### Task details:
Copy out each line of the data that includes the string "blocks".

Records contained in a dataset:
-- Opening Marker --

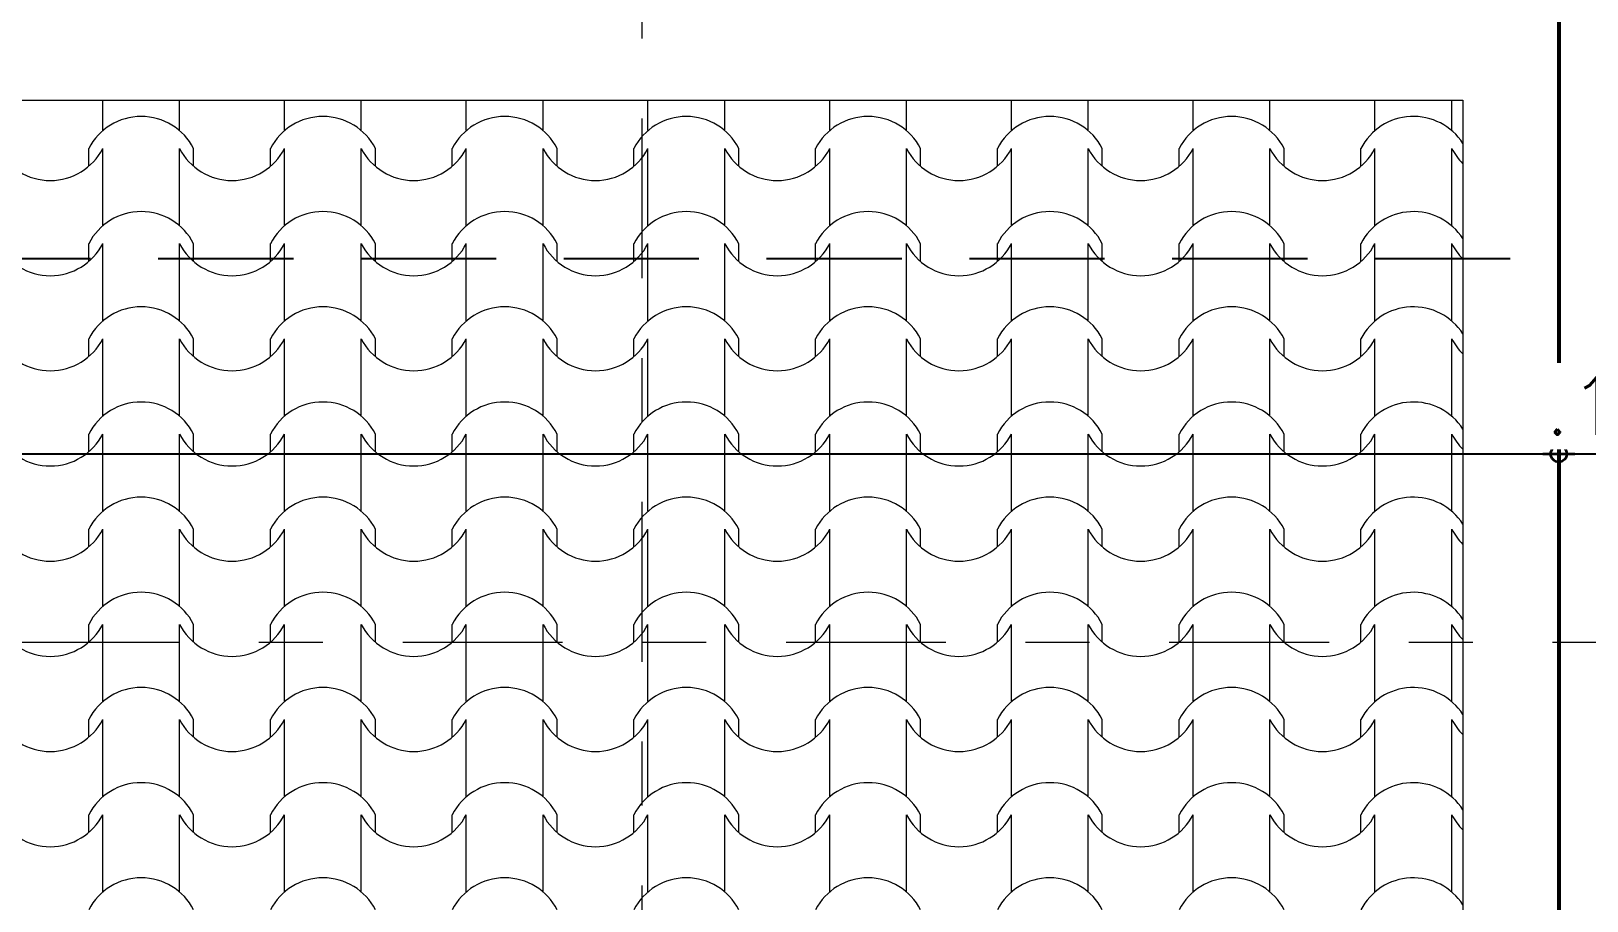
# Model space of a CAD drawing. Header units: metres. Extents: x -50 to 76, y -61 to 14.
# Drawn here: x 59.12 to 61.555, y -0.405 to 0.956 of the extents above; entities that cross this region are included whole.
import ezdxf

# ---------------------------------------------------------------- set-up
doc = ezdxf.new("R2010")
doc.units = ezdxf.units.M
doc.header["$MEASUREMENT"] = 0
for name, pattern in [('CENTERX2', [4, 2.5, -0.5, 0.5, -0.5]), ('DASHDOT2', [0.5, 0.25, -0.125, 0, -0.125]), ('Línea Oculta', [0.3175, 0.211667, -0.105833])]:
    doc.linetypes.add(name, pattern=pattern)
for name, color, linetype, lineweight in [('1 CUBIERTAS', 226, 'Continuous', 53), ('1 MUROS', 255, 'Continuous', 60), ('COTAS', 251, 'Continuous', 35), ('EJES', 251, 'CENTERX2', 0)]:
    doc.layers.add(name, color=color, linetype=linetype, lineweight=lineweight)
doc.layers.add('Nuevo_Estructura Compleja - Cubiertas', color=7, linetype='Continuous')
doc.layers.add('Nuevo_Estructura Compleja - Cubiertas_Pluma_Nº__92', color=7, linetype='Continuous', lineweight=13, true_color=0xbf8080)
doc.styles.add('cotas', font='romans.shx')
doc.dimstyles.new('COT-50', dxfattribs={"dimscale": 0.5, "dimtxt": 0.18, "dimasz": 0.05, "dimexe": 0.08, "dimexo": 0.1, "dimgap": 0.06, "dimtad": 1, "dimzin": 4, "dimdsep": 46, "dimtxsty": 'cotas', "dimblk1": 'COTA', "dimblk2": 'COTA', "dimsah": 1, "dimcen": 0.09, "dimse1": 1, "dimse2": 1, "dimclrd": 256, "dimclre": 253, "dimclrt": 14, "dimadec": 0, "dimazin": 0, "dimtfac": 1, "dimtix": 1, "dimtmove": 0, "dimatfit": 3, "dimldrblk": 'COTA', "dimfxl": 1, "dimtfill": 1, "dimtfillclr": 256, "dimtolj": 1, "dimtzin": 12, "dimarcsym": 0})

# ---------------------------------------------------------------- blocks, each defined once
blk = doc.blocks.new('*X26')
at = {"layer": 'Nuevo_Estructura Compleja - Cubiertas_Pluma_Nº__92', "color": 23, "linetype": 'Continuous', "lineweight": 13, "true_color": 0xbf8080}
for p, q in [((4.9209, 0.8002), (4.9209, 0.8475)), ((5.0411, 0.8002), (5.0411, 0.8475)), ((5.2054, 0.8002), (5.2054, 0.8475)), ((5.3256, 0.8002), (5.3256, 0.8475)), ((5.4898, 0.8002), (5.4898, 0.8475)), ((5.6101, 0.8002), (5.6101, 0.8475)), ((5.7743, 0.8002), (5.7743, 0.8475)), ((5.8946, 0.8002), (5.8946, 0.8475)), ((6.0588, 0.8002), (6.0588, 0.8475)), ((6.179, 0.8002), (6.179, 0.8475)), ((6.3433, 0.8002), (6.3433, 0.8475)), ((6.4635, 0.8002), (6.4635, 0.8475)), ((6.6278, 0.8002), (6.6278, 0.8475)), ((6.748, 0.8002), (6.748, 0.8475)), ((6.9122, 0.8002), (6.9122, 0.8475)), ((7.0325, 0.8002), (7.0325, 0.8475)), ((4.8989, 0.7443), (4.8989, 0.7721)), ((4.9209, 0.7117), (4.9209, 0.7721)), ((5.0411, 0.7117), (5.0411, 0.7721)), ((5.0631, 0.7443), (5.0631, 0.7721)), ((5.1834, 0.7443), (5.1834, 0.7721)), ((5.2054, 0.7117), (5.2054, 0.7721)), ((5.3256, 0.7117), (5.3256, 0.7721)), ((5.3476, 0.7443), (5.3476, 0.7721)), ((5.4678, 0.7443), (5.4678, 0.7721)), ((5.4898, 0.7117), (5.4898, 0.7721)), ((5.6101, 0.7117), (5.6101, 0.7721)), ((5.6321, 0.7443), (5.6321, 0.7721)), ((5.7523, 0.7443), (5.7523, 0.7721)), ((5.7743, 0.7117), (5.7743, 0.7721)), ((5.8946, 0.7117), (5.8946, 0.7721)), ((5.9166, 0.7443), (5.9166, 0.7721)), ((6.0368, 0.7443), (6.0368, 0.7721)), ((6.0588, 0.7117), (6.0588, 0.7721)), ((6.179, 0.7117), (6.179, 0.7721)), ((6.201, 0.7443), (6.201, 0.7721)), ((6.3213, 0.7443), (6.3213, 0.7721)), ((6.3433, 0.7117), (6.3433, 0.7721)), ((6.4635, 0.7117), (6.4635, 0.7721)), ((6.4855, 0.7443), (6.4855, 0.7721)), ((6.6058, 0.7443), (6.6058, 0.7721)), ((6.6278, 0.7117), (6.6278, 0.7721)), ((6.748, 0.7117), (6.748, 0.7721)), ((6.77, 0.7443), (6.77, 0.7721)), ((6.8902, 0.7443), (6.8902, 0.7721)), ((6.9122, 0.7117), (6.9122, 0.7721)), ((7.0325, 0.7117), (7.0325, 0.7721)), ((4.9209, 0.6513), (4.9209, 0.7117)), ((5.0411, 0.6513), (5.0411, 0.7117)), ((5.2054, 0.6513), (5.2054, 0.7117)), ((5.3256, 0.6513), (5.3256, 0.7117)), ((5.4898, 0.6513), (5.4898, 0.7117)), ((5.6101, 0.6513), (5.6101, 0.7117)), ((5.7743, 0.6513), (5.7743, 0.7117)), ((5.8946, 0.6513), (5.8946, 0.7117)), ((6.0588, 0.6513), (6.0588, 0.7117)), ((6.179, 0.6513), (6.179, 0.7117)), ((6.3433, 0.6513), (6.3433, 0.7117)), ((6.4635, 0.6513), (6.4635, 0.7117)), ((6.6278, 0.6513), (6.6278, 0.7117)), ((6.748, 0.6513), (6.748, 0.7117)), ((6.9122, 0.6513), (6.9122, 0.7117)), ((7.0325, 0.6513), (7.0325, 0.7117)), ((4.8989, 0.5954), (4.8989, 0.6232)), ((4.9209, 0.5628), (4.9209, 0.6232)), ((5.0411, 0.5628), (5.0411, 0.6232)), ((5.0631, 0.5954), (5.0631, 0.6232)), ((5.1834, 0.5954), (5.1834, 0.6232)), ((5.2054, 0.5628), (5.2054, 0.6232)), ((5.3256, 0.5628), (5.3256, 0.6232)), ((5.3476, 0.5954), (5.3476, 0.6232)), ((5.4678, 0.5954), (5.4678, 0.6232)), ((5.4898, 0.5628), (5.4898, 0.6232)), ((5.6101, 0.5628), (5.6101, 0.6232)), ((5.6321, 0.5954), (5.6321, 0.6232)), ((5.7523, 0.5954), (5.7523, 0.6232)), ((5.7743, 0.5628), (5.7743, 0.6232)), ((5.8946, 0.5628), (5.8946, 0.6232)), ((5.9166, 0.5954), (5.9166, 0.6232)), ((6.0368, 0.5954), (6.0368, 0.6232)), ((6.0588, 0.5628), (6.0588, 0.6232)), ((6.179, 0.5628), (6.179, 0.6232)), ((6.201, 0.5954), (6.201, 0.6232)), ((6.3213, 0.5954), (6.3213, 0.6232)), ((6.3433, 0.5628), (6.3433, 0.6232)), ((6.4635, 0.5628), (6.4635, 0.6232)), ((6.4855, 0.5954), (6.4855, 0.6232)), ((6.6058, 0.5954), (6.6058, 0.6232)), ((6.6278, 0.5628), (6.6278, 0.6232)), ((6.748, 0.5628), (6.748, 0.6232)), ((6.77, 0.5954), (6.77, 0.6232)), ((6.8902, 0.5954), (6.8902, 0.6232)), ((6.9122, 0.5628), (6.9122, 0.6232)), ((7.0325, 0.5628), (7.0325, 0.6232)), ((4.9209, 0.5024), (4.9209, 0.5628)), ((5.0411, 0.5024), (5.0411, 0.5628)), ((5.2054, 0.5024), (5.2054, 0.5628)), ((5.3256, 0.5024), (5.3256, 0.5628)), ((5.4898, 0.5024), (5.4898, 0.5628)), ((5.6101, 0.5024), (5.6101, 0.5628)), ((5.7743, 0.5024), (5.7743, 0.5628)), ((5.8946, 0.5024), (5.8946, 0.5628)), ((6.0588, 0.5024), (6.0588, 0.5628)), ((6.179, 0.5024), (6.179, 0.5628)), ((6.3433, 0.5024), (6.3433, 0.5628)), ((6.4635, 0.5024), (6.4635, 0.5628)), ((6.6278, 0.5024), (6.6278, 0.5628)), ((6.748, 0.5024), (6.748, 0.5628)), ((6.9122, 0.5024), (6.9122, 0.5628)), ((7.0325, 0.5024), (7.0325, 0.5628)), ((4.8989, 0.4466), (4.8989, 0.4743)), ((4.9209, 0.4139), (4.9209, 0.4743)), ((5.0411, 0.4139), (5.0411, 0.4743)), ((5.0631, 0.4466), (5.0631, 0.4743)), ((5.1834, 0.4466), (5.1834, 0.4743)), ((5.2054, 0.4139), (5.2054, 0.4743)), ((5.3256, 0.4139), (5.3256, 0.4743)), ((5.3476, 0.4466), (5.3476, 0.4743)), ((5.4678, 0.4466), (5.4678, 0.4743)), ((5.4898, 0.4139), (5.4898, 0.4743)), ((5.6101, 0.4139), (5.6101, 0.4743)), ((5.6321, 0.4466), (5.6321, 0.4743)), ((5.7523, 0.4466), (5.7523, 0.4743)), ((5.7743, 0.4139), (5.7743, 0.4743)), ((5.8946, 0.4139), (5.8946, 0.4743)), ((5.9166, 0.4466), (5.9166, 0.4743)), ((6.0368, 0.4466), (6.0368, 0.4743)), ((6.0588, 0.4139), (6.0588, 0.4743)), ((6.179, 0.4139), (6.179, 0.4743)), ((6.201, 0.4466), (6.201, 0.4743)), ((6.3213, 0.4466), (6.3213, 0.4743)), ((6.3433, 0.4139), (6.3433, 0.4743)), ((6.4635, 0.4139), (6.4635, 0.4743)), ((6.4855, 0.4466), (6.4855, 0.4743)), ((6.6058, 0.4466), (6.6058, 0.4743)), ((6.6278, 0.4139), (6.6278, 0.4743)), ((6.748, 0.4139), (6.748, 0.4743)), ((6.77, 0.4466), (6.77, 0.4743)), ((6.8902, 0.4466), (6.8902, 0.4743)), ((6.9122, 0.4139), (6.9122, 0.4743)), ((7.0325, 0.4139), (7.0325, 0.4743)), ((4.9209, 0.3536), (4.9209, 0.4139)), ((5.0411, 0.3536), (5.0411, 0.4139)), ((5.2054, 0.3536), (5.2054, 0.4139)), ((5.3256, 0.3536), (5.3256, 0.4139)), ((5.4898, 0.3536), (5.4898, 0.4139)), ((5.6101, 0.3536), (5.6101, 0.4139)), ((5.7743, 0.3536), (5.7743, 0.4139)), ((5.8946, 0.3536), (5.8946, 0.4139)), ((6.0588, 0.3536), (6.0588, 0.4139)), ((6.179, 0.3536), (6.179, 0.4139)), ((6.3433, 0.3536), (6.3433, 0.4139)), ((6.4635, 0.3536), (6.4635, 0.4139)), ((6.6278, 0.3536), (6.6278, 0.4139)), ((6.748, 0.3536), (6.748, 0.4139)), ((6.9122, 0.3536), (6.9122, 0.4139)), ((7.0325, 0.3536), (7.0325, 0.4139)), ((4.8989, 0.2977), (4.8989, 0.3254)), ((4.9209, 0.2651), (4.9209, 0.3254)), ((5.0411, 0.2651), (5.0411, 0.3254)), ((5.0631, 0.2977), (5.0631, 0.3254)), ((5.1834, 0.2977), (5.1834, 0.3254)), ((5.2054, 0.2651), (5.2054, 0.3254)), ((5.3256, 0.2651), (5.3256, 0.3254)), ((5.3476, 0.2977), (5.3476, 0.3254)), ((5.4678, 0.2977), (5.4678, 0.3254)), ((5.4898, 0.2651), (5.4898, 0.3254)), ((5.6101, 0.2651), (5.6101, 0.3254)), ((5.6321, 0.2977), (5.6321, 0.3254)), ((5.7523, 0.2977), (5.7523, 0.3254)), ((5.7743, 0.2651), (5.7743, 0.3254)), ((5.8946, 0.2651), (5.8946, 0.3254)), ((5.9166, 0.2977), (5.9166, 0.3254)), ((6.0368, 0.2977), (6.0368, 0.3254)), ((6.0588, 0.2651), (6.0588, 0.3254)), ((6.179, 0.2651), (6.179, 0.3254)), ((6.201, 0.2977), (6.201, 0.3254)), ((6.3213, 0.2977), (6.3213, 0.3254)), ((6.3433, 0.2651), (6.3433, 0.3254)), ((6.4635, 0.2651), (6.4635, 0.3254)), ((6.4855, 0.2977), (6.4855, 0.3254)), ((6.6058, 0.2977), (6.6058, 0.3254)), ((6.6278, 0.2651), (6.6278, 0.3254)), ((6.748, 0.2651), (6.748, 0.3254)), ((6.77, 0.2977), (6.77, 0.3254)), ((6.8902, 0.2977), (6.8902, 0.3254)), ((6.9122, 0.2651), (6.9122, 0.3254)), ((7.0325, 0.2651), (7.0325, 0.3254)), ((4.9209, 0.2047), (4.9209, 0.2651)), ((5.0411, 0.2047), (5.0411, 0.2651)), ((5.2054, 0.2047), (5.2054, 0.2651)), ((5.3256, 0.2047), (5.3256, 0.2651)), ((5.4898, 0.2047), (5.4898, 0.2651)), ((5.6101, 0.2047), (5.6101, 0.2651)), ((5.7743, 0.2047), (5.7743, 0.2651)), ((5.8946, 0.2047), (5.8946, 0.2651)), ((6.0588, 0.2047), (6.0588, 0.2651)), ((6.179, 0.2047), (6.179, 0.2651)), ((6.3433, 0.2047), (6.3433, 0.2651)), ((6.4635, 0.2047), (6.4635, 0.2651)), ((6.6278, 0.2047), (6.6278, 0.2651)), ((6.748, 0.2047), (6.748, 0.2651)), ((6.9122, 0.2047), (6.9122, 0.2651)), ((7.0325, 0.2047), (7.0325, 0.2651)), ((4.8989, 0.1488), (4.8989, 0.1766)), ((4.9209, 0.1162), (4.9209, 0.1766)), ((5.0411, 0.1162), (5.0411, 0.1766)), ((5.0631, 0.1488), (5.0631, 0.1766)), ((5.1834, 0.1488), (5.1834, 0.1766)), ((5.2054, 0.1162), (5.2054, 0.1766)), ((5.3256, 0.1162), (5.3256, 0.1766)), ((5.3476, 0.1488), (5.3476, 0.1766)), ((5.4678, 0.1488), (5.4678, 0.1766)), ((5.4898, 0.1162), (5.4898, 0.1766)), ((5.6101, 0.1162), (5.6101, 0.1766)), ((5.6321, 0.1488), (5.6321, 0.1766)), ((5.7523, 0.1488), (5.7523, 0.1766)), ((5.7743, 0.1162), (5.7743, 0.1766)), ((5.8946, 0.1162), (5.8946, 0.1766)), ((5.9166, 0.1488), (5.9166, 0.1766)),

-- Closing Marker --

### Answer section:
# ---------------------------------------------------------------- blocks, each defined once
blk = doc.blocks.new('*X26')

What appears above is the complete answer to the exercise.